RECORDS:

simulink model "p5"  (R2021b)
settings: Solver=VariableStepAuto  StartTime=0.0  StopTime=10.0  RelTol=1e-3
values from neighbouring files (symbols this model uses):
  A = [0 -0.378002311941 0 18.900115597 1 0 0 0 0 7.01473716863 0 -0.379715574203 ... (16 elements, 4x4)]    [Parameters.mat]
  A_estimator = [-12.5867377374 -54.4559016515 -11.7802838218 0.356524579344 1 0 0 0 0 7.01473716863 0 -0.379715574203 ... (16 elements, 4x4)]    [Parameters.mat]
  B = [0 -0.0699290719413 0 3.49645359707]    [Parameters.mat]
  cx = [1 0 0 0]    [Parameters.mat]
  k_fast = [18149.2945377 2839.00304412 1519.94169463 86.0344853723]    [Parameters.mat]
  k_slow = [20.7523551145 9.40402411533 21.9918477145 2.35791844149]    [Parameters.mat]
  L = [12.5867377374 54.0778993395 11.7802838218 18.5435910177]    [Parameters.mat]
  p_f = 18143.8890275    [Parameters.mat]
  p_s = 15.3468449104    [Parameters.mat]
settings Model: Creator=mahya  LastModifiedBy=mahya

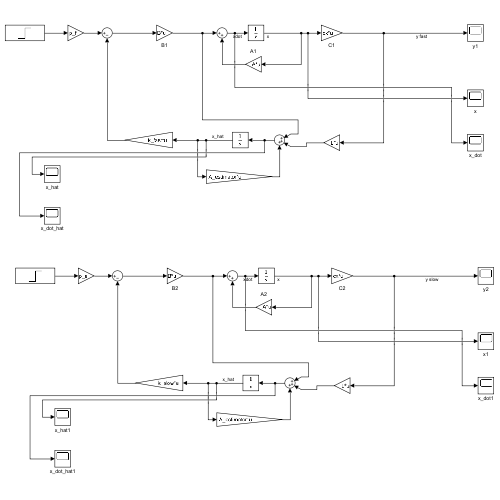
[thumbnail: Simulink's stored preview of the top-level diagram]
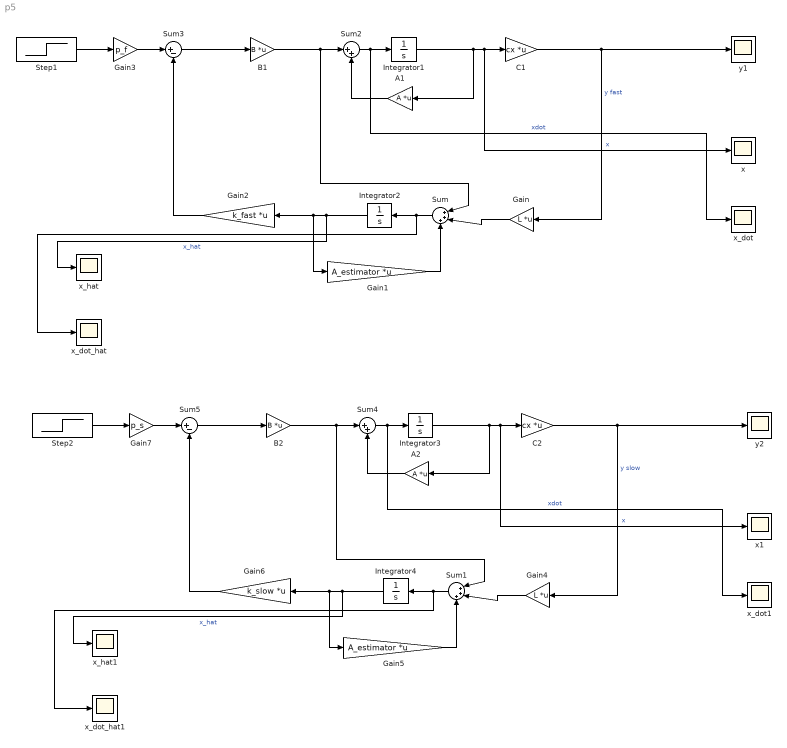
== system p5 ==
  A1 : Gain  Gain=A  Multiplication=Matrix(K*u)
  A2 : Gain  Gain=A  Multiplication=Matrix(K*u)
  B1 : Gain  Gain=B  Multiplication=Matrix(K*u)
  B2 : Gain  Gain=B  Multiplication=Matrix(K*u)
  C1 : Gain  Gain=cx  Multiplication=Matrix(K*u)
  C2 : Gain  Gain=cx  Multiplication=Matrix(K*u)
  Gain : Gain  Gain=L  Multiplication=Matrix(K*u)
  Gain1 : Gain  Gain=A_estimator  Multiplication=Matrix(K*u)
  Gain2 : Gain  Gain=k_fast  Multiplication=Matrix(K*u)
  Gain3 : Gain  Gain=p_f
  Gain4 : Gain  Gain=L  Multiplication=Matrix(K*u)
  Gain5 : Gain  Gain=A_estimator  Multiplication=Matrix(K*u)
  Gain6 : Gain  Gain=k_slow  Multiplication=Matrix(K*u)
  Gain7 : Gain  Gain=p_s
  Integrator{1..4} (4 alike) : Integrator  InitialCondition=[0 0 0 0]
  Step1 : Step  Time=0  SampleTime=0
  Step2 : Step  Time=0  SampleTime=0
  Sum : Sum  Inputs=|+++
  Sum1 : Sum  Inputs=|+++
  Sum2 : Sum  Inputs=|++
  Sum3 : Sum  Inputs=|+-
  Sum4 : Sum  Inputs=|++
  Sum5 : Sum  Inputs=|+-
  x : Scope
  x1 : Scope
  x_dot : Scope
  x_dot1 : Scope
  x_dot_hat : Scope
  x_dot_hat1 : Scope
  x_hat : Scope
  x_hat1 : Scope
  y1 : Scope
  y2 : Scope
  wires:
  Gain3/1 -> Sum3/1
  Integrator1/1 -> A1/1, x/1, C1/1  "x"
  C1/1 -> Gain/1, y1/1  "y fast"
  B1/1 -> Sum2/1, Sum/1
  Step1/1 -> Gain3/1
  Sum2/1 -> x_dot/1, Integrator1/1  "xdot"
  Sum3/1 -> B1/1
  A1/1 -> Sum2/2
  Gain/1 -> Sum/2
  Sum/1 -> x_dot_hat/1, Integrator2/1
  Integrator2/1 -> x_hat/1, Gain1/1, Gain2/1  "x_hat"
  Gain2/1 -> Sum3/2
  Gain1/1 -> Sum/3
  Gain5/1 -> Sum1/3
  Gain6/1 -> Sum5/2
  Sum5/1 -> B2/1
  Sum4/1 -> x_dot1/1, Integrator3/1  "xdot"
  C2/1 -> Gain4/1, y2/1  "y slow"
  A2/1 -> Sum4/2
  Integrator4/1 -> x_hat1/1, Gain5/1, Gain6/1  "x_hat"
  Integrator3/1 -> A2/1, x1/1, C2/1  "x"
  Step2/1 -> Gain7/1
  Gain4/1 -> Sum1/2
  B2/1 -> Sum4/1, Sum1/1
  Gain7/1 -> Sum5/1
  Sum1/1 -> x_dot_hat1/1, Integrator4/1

YOUR INSTRUCTIONS: Copy out the listing word for word and skip its pictures.

RESPONSE TO THE EXERCISE:
simulink model "p5"  (R2021b)
settings: Solver=VariableStepAuto  StartTime=0.0  StopTime=10.0  RelTol=1e-3
values from neighbouring files (symbols this model uses):
  A = [0 -0.378002311941 0 18.900115597 1 0 0 0 0 7.01473716863 0 -0.379715574203 ... (16 elements, 4x4)]    [Parameters.mat]
  A_estimator = [-12.5867377374 -54.4559016515 -11.7802838218 0.356524579344 1 0 0 0 0 7.01473716863 0 -0.379715574203 ... (16 elements, 4x4)]    [Parameters.mat]
  B = [0 -0.0699290719413 0 3.49645359707]    [Parameters.mat]
  cx = [1 0 0 0]    [Parameters.mat]
  k_fast = [18149.2945377 2839.00304412 1519.94169463 86.0344853723]    [Parameters.mat]
  k_slow = [20.7523551145 9.40402411533 21.9918477145 2.35791844149]    [Parameters.mat]
  L = [12.5867377374 54.0778993395 11.7802838218 18.5435910177]    [Parameters.mat]
  p_f = 18143.8890275    [Parameters.mat]
  p_s = 15.3468449104    [Parameters.mat]
settings Model: Creator=mahya  LastModifiedBy=mahya

[thumbnail: Simulink's stored preview of the top-level diagram]
== system p5 ==
  A1 : Gain  Gain=A  Multiplication=Matrix(K*u)
  A2 : Gain  Gain=A  Multiplication=Matrix(K*u)
  B1 : Gain  Gain=B  Multiplication=Matrix(K*u)
  B2 : Gain  Gain=B  Multiplication=Matrix(K*u)
  C1 : Gain  Gain=cx  Multiplication=Matrix(K*u)
  C2 : Gain  Gain=cx  Multiplication=Matrix(K*u)
  Gain : Gain  Gain=L  Multiplication=Matrix(K*u)
  Gain1 : Gain  Gain=A_estimator  Multiplication=Matrix(K*u)
  Gain2 : Gain  Gain=k_fast  Multiplication=Matrix(K*u)
  Gain3 : Gain  Gain=p_f
  Gain4 : Gain  Gain=L  Multiplication=Matrix(K*u)
  Gain5 : Gain  Gain=A_estimator  Multiplication=Matrix(K*u)
  Gain6 : Gain  Gain=k_slow  Multiplication=Matrix(K*u)
  Gain7 : Gain  Gain=p_s
  Integrator{1..4} (4 alike) : Integrator  InitialCondition=[0 0 0 0]
  Step1 : Step  Time=0  SampleTime=0
  Step2 : Step  Time=0  SampleTime=0
  Sum : Sum  Inputs=|+++
  Sum1 : Sum  Inputs=|+++
  Sum2 : Sum  Inputs=|++
  Sum3 : Sum  Inputs=|+-
  Sum4 : Sum  Inputs=|++
  Sum5 : Sum  Inputs=|+-
  x : Scope
  x1 : Scope
  x_dot : Scope
  x_dot1 : Scope
  x_dot_hat : Scope
  x_dot_hat1 : Scope
  x_hat : Scope
  x_hat1 : Scope
  y1 : Scope
  y2 : Scope
  wires:
  Gain3/1 -> Sum3/1
  Integrator1/1 -> A1/1, x/1, C1/1  "x"
  C1/1 -> Gain/1, y1/1  "y fast"
  B1/1 -> Sum2/1, Sum/1
  Step1/1 -> Gain3/1
  Sum2/1 -> x_dot/1, Integrator1/1  "xdot"
  Sum3/1 -> B1/1
  A1/1 -> Sum2/2
  Gain/1 -> Sum/2
  Sum/1 -> x_dot_hat/1, Integrator2/1
  Integrator2/1 -> x_hat/1, Gain1/1, Gain2/1  "x_hat"
  Gain2/1 -> Sum3/2
  Gain1/1 -> Sum/3
  Gain5/1 -> Sum1/3
  Gain6/1 -> Sum5/2
  Sum5/1 -> B2/1
  Sum4/1 -> x_dot1/1, Integrator3/1  "xdot"
  C2/1 -> Gain4/1, y2/1  "y slow"
  A2/1 -> Sum4/2
  Integrator4/1 -> x_hat1/1, Gain5/1, Gain6/1  "x_hat"
  Integrator3/1 -> A2/1, x1/1, C2/1  "x"
  Step2/1 -> Gain7/1
  Gain4/1 -> Sum1/2
  B2/1 -> Sum4/1, Sum1/1
  Gain7/1 -> Sum5/1
  Sum1/1 -> x_dot_hat1/1, Integrator4/1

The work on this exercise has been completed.